Subtracting bad events using RDataframe

Hi, I would like to subtract some unwanted events to recreate a leaf using:

	auto new_events = df.Define("unwanted_events", "Take(myleaf1, myleaf1.size() > myleaf2.size())") // exclude these events
					    .Define("total_events", "myleaf1")
		   		        .Define("new_events", "total_events - unwanted_events"); // the problem is here

	auto h = new_events.Histo1D("new_events");

I am getting the error:

Cannot call operator - on vectors of different sizes.

I understand that both vectors total_events and unwanted_events have different sizes, but what other way I can use to subtract them?


EDIT: example of data:

Notice event 4037. I want the whole event or preferably only particle [3] out.

I’m not sure I understand the use of Take(). To me it looks like you’d like to just filter some events, like this

df.Define("isBadEvent", "myleaf1.size() > myleaf2.size()")

Hi @jblomer

It’s to define the bad events then filter for them.

I tried:

auto c1 = df.Define("unwanted_events", "Take(myleaf1, myleaf1.size() > myleaf2.size())") // exclude these events
					    .Define("total_events", "myleaf1") //original leaf
		   		        .Filter("!unwanted_events") // filter bad events out

	auto h = c1.Histo1D("new_events"); // draw original leaf (bad events excluded)
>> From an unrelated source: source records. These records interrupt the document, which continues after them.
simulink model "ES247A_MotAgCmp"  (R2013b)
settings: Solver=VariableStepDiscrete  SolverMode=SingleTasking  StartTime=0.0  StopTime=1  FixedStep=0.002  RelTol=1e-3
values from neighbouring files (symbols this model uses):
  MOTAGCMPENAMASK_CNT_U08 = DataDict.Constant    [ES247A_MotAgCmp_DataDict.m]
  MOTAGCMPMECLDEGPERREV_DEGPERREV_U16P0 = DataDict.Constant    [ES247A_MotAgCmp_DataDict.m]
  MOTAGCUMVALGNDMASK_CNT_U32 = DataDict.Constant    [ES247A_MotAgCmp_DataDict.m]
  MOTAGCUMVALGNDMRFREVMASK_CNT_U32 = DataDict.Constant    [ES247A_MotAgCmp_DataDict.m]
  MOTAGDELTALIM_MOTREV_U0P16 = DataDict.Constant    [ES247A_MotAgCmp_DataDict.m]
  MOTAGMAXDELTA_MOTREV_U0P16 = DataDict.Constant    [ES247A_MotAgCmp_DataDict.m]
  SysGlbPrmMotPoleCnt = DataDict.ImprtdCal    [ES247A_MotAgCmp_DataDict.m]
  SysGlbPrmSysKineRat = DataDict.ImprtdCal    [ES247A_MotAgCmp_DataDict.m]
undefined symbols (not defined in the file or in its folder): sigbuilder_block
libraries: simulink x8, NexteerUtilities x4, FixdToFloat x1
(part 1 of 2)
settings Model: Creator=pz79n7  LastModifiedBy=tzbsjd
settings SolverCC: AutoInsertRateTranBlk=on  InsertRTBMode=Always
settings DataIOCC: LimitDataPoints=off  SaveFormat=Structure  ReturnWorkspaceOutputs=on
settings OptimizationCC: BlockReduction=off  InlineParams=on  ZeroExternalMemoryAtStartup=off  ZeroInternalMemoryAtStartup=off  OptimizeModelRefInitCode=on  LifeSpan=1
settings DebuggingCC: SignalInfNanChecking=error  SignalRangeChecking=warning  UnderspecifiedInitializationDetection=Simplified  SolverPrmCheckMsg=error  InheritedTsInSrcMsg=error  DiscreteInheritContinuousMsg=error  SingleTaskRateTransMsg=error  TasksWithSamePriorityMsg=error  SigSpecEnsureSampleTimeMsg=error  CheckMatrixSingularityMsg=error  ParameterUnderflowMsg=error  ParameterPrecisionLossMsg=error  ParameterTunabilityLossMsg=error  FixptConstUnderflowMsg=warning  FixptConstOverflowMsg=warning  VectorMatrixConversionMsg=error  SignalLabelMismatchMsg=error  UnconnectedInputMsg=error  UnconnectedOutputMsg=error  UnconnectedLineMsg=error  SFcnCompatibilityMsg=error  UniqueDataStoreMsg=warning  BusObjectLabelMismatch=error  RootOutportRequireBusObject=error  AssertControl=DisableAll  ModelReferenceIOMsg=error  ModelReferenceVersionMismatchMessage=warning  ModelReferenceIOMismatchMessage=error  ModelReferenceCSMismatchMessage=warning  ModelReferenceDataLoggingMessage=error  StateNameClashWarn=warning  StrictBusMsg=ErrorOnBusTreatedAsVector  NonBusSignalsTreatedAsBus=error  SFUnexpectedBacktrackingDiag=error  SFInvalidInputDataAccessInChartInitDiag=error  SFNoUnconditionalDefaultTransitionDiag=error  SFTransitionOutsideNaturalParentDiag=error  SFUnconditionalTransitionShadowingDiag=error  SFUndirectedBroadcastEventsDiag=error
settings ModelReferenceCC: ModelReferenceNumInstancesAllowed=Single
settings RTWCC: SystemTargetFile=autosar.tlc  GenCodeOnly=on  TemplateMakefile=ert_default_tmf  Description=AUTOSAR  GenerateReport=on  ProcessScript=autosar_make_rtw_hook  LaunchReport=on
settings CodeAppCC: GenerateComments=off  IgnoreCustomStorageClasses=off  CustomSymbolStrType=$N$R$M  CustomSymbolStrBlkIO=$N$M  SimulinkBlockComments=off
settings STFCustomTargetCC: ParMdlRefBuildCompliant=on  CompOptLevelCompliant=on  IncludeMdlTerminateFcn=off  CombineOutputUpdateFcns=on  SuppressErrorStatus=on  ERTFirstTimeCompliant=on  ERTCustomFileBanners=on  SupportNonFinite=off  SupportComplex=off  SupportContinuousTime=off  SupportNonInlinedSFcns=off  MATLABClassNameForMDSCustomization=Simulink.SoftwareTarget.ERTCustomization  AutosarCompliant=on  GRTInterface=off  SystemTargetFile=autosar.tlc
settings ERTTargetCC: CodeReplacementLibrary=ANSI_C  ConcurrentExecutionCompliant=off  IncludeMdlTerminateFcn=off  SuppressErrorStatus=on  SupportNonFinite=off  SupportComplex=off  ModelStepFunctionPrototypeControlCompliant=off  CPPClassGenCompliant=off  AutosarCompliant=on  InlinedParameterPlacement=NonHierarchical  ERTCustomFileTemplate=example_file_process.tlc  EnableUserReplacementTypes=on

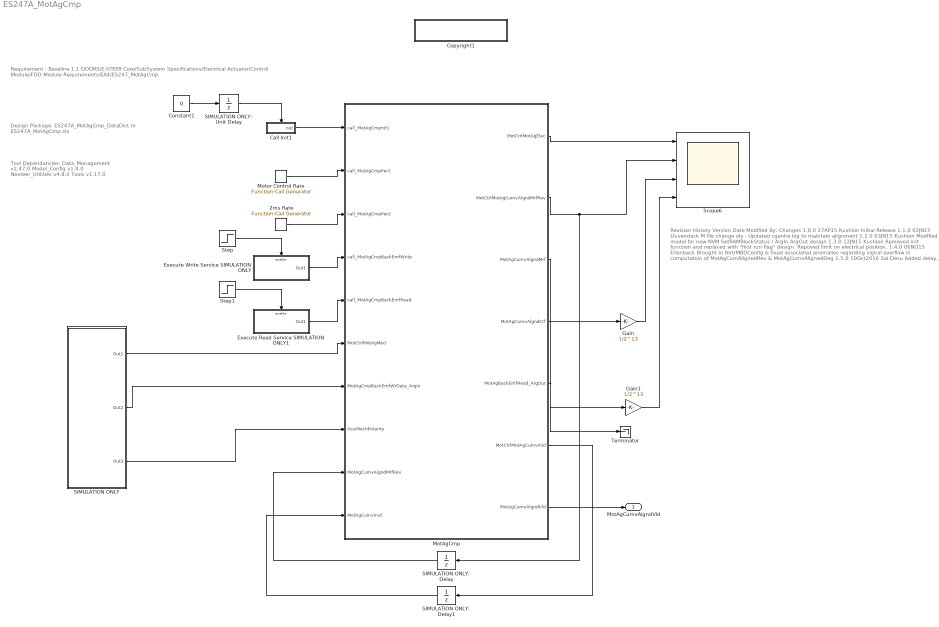
== system ES247A_MotAgCmp ==
  note: Revision History
      |
      | Version		Date 		Modified By: 		Changes
      | 1.0.0	 	27AP15		Kushion			Initial Release
      | 1.1.0		02JN15		Duvendack		M file change oly - Updated cganhe log to maintain alignment
      | 1.2.0		03JN15		Kushion			Modified model for new NVM SetRAMBlockStatus / ArgIn ArgOut design
      | 1.3.0		12JN15		Kushion			Removed init function and replaced with "first run flag" design.  Repoved limit on electrical position.
      | 1.4.0		06NO15		Erlenbeck		Brought in NxtrMBDConfig & fixed associated anomalies regarding signal overflow in computatoin
      | 										of MotAgCumAlignedRev & MotAgCumvAlignedDeg
      | 1.5.0              10Oct2016     Sai Desu              Added delay to use MotCntrlMotAgMecl
      | 1.6.0              19Oct2016     Sai Desu             Moved MotAgCmpMotCtrlMotAgMeclPrev store to outside of the subsystem
      | 1.7.0               11Nov2016    Sai Desu             Added a new PIM DigMotHwPosn for EMC Validation
  note: Tool Dependancies:
      | Data_Management v2.47.0
      | Model_Config v1.4.0
      | Nexteer_Utilities v4.8.0
      | Tools v1.17.0
  note: Requirement : Baseline 1.1
      | DOORS/E-STEER Core/SubSystem Specifications/Electrical Actuator/Control Module/FDD Module Requirements/EA4/ES247_MotAgCmp
  note: Design Package:
      | ES247A_MotAgCmp_DataDict.m
      | ES247A_MotAgCmp.slx
  2ms Rate : simulink/Ports & Subsystems/Function-Call Generator  sample_time=0.002  numberOfIterations=1
  Call Init1 : Subsystem  TreatAsAtomicUnit=on
  Constant1 : Constant  Value=0  OutDataTypeStr=uint8
  Copyright1 : Subsystem  Description=|  mask(Copyright Information){none=on}
      | Copyright info block.                                               
      |                                                                     
      | Place copyright information at the top of every subsystem in design.
      mask prompts: none "No parameters"
      mask help: Place copyright information at the top of every subsystem in design.
      mask Display:
      | NxtrConf = 'Nexteer Confidential';
      | 
      | sys = bdroot; %handle for the current model ("system")
      | first = get_param(sys,'Created');
      | if(isempty(first))
      |     first = datestr(now,'yyyy');
      | else
      |     first = first(end-3:end);  %year is last four digits
      | end
      | 
      | last = get_param(sys,'LastModifiedDate');
      | if isempty(last)
      |     last = datestr(now,'yyyy');
      | else
      |     last = last(end-3:end);
      | end
      | 
      | if strcmp(first,last)
      |     fprintf('%s\nCopyright  %s Nexteer',NxtrConf,first);
      | else
      |     fprintf('%s\n%s%s-%s Nexteer',NxtrConf,char(169),first,last);
      | end
  Execute Read Service SIMULATION ONLY1 : Subsystem  TreatAsAtomicUnit=on
  Execute Write Service SIMULATION ONLY : Subsystem  TreatAsAtomicUnit=on
  Gain : Gain  Gain=1/2^13
  Gain1 : Gain  Gain=1/2^13
  MotAgCmp : Subsystem
  Motor Control Rate : simulink/Ports & Subsystems/Function-Call Generator  sample_time=0.0000625  numberOfIterations=1
  SIMULATION ONLY : Subsystem
  SIMULATION ONLY: Delay : UnitDelay  SampleTime=-1
  SIMULATION ONLY: Delay1 : UnitDelay  SampleTime=-1
  SIMULATION ONLY: Unit Delay : UnitDelay  InitialCondition=1  SampleTime=-1
  Scope6 : Scope  NumInputPorts=4
      settings: YMin=0~-1e+08~-200000~-200000  YMax=70000~1.1e+09~200000~200000  SaveName=ScopeData5  MaxDataPoints=100000
  Step : Step  Time=4.175  SampleTime=0
  Step1 : Step  Time=4.185  SampleTime=0
  Terminator : Terminator
  MotAgCumvAlgndVld : Outport  RequirementInfo={} %GIDa_42b80226_dd05_44ce_a302_5ea1a8b1de89
  wires:
  MotAgCmp/1(MotCtrlMotAgElec) -> Scope6/1
  MotAgCmp/2(MotCtrlMotAgCumvAlgndMrfRev) -> SIMULATION ONLY: Delay/1, Scope6/2
  Motor Control Rate/1 -> MotAgCmp/2(call_MotAgCmpPer1)
  Execute Write Service SIMULATION ONLY/1(Out1) -> MotAgCmp/4(call_MotAgCmpBackEmfWrite)
  Step/1 -> Execute Write Service SIMULATION ONLY/Enable
  2ms Rate/1 -> MotAgCmp/3(call_MotAgCmpPer2)
  MotAgCmp/3(MotAgCumvAlgndMrf) -> Gain/1
  MotAgCmp/4(MotAgCumvAlgndCrf) -> Gain1/1
  SIMULATION ONLY/3(Out3) -> MotAgCmp/8(AssiMechPolarity)
  SIMULATION ONLY/1(Out1) -> MotAgCmp/6(MotCtrlMotAgMecl)
  SIMULATION ONLY/2(Out2) -> MotAgCmp/7(MotAgCmpBackEmfWrData_ArgIn)
  Execute Read Service SIMULATION ONLY1/1(Out1) -> MotAgCmp/5(call_MotAgCmpBackEmfRead)
  Step1/1 -> Execute Read Service SIMULATION ONLY1/Enable
  Gain/1 -> Scope6/3
  Gain1/1 -> Scope6/4
  MotAgCmp/5(MotAgBackEmfRead_ArgOut) -> Terminator/1
  SIMULATION ONLY: Delay/1 -> MotAgCmp/9(MotAgCumvAlgndMrfRev)
  MotAgCmp/6(MotCtrlMotAgCumvInid) -> SIMULATION ONLY: Delay1/1
  Constant1/1 -> SIMULATION ONLY: Unit Delay/1
  SIMULATION ONLY: Unit Delay/1 -> Call Init1/Enable
  Call Init1/1(out) -> MotAgCmp/1(call_MotAgCmpnit1)
  SIMULATION ONLY: Delay1/1 -> MotAgCmp/10(MotAgCumvInid)
  MotAgCmp/7(MotAgCumvAlgndVld) -> MotAgCumvAlgndVld/1

== system ES247A_MotAgCmp/Call Init1 ==
  Enable : EnablePort
  Function Call Trigger : simulink/Ports & Subsystems/Function-Call Generator  RequirementInfo={} %GIDa_a6a4a62e_0f67_4a31_8bd8_36e712ec7718  sample_time=0.002  numberOfIterations=1
  out : Outport
  wires:
  Function Call Trigger/1 -> out/1

== system ES247A_MotAgCmp/Copyright1 ==

== system ES247A_MotAgCmp/Execute Read Service SIMULATION ONLY1 ==
  Enable : EnablePort
  Function-Call Generator1 : simulink/Ports & Subsystems/Function-Call Generator  sample_time=0.0000625  numberOfIterations=1
  Out1 : Outport
  wires:
  Function-Call Generator1/1 -> Out1/1

== system ES247A_MotAgCmp/Execute Write Service SIMULATION ONLY ==
  Enable : EnablePort
  Function-Call Generator1 : simulink/Ports & Subsystems/Function-Call Generator  sample_time=0.0000625  numberOfIterations=1
  Out1 : Outport
  wires:
  Function-Call Generator1/1 -> Out1/1

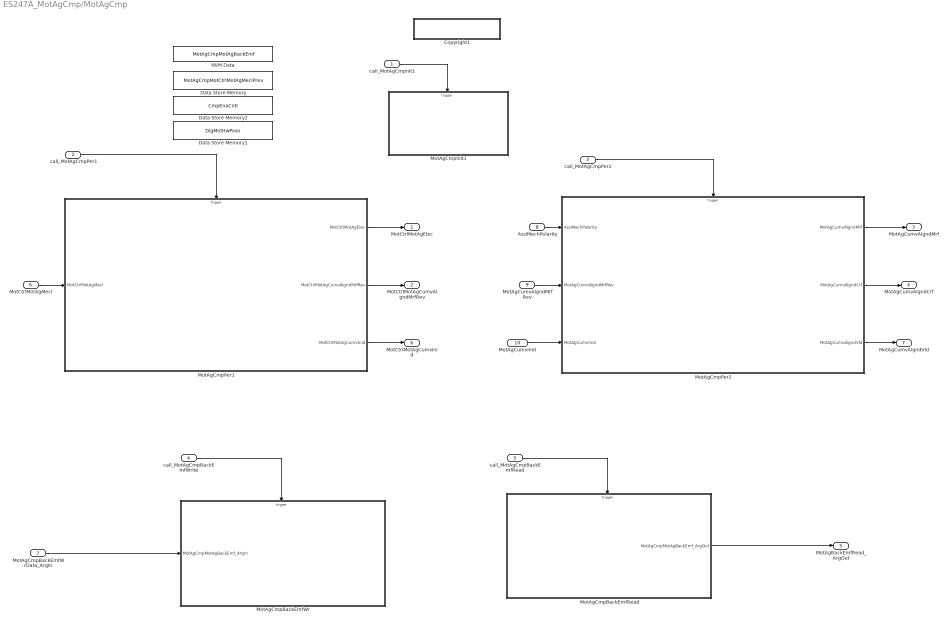
== system ES247A_MotAgCmp/MotAgCmp ==
  call_MotAgCmpnit1 : Inport  RequirementInfo={} %GIDa_7be01678_764c_45c5_827a_c2415c53d3c3
  call_MotAgCmpPer1 : Inport  RequirementInfo={'linktype_rmi_doors' '0000cf60 (/E-STEER Core/SubSystem Specifications/Electrical Actuator/Control Module/FDD Module Requirements/EA4/ES247A_MotAgCmp DRAFT)' '#ES247A_75' 'true' 'REQ: ES247A_75' '' } %GIDa_c4a7fd40_4a5d_4f59_ada5_16c56c4fb6c4  Port=2
  call_MotAgCmpPer2 : Inport  RequirementInfo={} %GIDa_2d6987ea_2640_46d5_a436_3696734fd2e8  Port=3
  call_MotAgCmpBackEmfWrite : Inport  Port=4
  call_MotAgCmpBackEmfRead : Inport  Port=5
  MotCtrlMotAgMecl : Inport  RequirementInfo={'linktype_rmi_doors' '0000cf60 (/E-STEER Core/SubSystem Specifications/Electrical Actuator/Control Module/FDD Module Requirements/EA4/ES247A_MotAgCmp DRAFT)' '#ES247A_48' 'true' 'REQ: ES247A_48' '' } %GIDa_c8a552f0_582e_4578_bd53_0d3cc336a1f5  Port=6
  MotAgCmpBackEmfWrData_ArgIn : Inport  Port=7
  AssiMechPolarity : Inport  RequirementInfo={'linktype_rmi_doors' '0000cf60 (/E-STEER Core/SubSystem Specifications/Electrical Actuator/Control Module/FDD Module Requirements/EA4/ES247A_MotAgCmp DRAFT)' '#ES247A_49' 'true' 'REQ: ES247A_49' '' } %GIDa_2804f92e_c79f_4452_aaac_51e06974467c  Port=8
  MotAgCumvAlgndMrfRev : Inport  RequirementInfo={'linktype_rmi_doors' '0000cf60 (/E-STEER Core/SubSystem Specifications/Electrical Actuator/Control Module/FDD Module Requirements/EA4/ES247A_MotAgCmp DRAFT)' '#ES247A_49' 'true' 'REQ: ES247A_49' '' } %GIDa_aef0170f_c17e_4400_b85e_a6e7f6d587e0  Port=9
  MotAgCumvInid : Inport  Port=10
  Copyright1 : Subsystem  Description=|  mask(Copyright Information){none=on}
      | Copyright info block.                                               
      |                                                                     
      | Place copyright information at the top of every subsystem in design.
      mask prompts: none "No parameters"
      mask help: Place copyright information at the top of every subsystem in design.
      mask Display:
      | NxtrConf = 'Nexteer Confidential';
      | 
      | sys = bdroot; %handle for the current model ("system")
      | first = get_param(sys,'Created');
      | if(isempty(first))
      |     first = datestr(now,'yyyy');
      | else
      |     first = first(end-3:end);  %year is last four digits
      | end
      | 
      | last = get_param(sys,'LastModifiedDate');
      | if isempty(last)
      |     last = datestr(now,'yyyy');
      | else
      |     last = last(end-3:end);
      | end
      | 
      | if strcmp(first,last)
      |     fprintf('%s\nCopyright  %s Nexteer',NxtrConf,first);
      | else
      |     fprintf('%s\n%s%s-%s Nexteer',NxtrConf,char(169),first,last);
      | end
  Data Store Memory : DataStoreMemory  DataStoreName=MotAgCmpMotCtrlMotAgMeclPrev  StateMustResolveToSignalObject=on
  Data Store Memory1 : DataStoreMemory  DataStoreName=DigMotHwPosn  OutDataTypeStr=single  StateMustResolveToSignalObject=on
  Data Store Memory2 : DataStoreMemory  DataStoreName=CmpEnaCntr  OutDataTypeStr=uint8  StateMustResolveToSignalObject=on
  MotAgCmpBackEmfRead : Subsystem  RequirementInfo={'linktype_rmi_doors' '0000cf60 (/E-STEER Core/SubSystem Specifications/Electrical Actuator/Control Module/FDD Module Requirements/EA4/ES247A_MotAgCmp DRAFT)' '#ES247A_71' 'true' 'REQ: ES247A_71' '' } %GIDa_3ab88c9c_8789_4b0d_9902_4656dd01c1af
  MotAgCmpBackEmfWr : Subsystem  RequirementInfo={'linktype_rmi_doors' '0000cf60 (/E-STEER Core/SubSystem Specifications/Electrical Actuator/Control Module/FDD Module Requirements/EA4/ES247A_MotAgCmp DRAFT)' '#ES247A_32' 'true' 'REQ: ES247A_32' '' } %GIDa_04a0761c_e8f1_4ec8_a62e_de9528ead8f5
  MotAgCmpInit1 : Subsystem
  MotAgCmpPer1 : Subsystem
  MotAgCmpPer2 : Subsystem  RequirementInfo={'linktype_rmi_doors' '0000cf60 (/E-STEER Core/SubSystem Specifications/Electrical Actuator/Control Module/FDD Module Requirements/EA4/ES247A_MotAgCmp DRAFT)' '#ES247A_81' 'true' 'REQ: ES247A_81' '' ; 'linktype_rmi_doors' '0000cf60 (/E-STEER Core/SubSystem Specifications/Electrical Actuator/Control Module/FDD Module Requirements/EA4/ES247A_MotAgCmp)' '#ES247A_82' 'true' 'REQ: ES247A_82' '' } %GIDa_e65ac8e8_9ab9_42a4_b83b_13d5ab48a7a2
  NVM Data : DataStoreMemory  DataStoreName=MotAgCmpMotAgBackEmf  StateMustResolveToSignalObject=on
  MotCtrlMotAgElec : Outport  RequirementInfo={'linktype_rmi_doors' '0000cf60 (/E-STEER Core/SubSystem Specifications/Electrical Actuator/Control Module/FDD Module Requirements/EA4/ES247A_MotAgCmp DRAFT)' '#ES247A_51' 'true' 'REQ: ES247A_51' '' } %GIDa_6b71c28c_c263_4ab9_a9ff_dc75eb086ef7
  MotCtrlMotAgCumvAlgndMrfRev : Outport  RequirementInfo={'linktype_rmi_doors' '0000cf60 (/E-STEER Core/SubSystem Specifications/Electrical Actuator/Control Module/FDD Module Requirements/EA4/ES247A_MotAgCmp DRAFT)' '#ES247A_52' 'true' 'REQ: ES247A_52' '' } %GIDa_7f7a1133_6478_44cc_ba52_f9cd2e5fc496  Port=2
  MotAgCumvAlgndMrf : Outport  RequirementInfo={'linktype_rmi_doors' '0000cf60 (/E-STEER Core/SubSystem Specifications/Electrical Actuator/Control Module/FDD Module Requirements/EA4/ES247A_MotAgCmp DRAFT)' '#ES247A_65' 'true' 'REQ: ES247A_65' '' } %GIDa_e8cf59a5_0afd_4c9b_ac68_3f78ef6fc2e1  Port=3
  MotAgCumvAlgndCrf : Outport  RequirementInfo={'linktype_rmi_doors' '0000cf60 (/E-STEER Core/SubSystem Specifications/Electrical Actuator/Control Module/FDD Module Requirements/EA4/ES247A_MotAgCmp DRAFT)' '#ES247A_66' 'true' 'REQ: ES247A_66' '' } %GIDa_3d536a6e_6a87_451d_a4a3_e4fd4989ea47  Port=4
  MotAgBackEmfRead_ArgOut : Outport  Port=5
  MotCtrlMotAgCumvInid : Outport  RequirementInfo={} %GIDa_86bc0d61_8c02_41ab_9ce1_f07b2e2a042f  Port=6
  MotAgCumvAlgndVld : Outport  RequirementInfo={} %GIDa_abce87f6_0981_4822_b74c_d0d31c59bc53  Port=7
  wires:
  MotCtrlMotAgMecl/1 -> MotAgCmpPer1/1(MotCtrlMotAgMecl)
  call_MotAgCmpPer1/1 -> MotAgCmpPer1/Trigger
  call_MotAgCmpBackEmfWrite/1 -> MotAgCmpBackEmfWr/Trigger
  MotAgCmpPer1/2(MotCtrlMotAgCumvAlgndMrfRev) -> MotCtrlMotAgCumvAlgndMrfRev/1
  AssiMechPolarity/1 -> MotAgCmpPer2/1(AssiMechPolarity)
  call_MotAgCmpPer2/1 -> MotAgCmpPer2/Trigger
  call_MotAgCmpBackEmfRead/1 -> MotAgCmpBackEmfRead/Trigger
  MotAgCmpBackEmfRead/1(MotAgCmpMotAgBackEmf_ArgOut) -> MotAgBackEmfRead_ArgOut/1
  MotAgCmpPer1/1(MotCtrlMotAgElec) -> MotCtrlMotAgElec/1
  MotAgCmpPer2/1(MotAgCumvAlgndMrf) -> MotAgCumvAlgndMrf/1
  MotAgCmpPer2/2(MotAgCumvAlgndCrf) -> MotAgCumvAlgndCrf/1
  MotAgCmpBackEmfWrData_ArgIn/1 -> MotAgCmpBackEmfWr/1(MotAgCmpMotAgBackEmf_ArgIn)
  MotAgCumvAlgndMrfRev/1 -> MotAgCmpPer2/2(MotAgCumvAlgndMrfRev)
  MotAgCmpPer1/3(MotCtrlMotAgCumvInid) -> MotCtrlMotAgCumvInid/1
  call_MotAgCmpnit1/1 -> MotAgCmpInit1/Trigger
  MotAgCumvInid/1 -> MotAgCmpPer2/3(MotAgCumvInid)
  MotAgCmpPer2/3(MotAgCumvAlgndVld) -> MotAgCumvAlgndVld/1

But I am getting an error:

error: no viable conversion from returned value of type 'RVec<unsigned int>' to
      function return type 'bool'

EDIT: Actually it’s one bad particle located in index [3] of some events. So if I can say somehow, exclude myleaf1[3] and return myleaf1, that would be it. I managed to define those indices using first code line, but I am so far unable to filter it out.

If I understand correctly, you should be able to do something like this

df.Define("cleaned_myleaf1", "myleaf1[ myleaf1 < 42 ]")

What this does is it creates a new vector column “cleaned_myleaf1” that has only those elements from “myleaf1” for which the condition element < 42 holds. Of course you’d need to adjust the condition myleaf1 < 42 to whatever renders a particle as “good particle”.

Thanks for your answer.

Correct, and what this does is, defining for the first column, which is events (see photo above). What I would like to do is to control the index (column 2). So maybe something like:

df.Define("cleaned_myleaf1", "myleaf1[3].empty()")

So this should take out all index 3 and return column. But unfortunately it does not work.

I hope it is more clear now what I want to do :slight_smile:

Oh, now I also understand the use of Take. So that should work

df.Define("cleaned_myleaf1", "Take(myleaf1, myleaf2.size())");

I.e. cleaned_myleaf1 takes only the first elements of myleaf1, where “the first” are as many as the size of myleaf2.

Actually it is my fault. I was defining bad events. Instead, I could define good events and see what to do with them.

Apologies and thanks for your help.

This topic was automatically closed 14 days after the last reply. New replies are no longer allowed.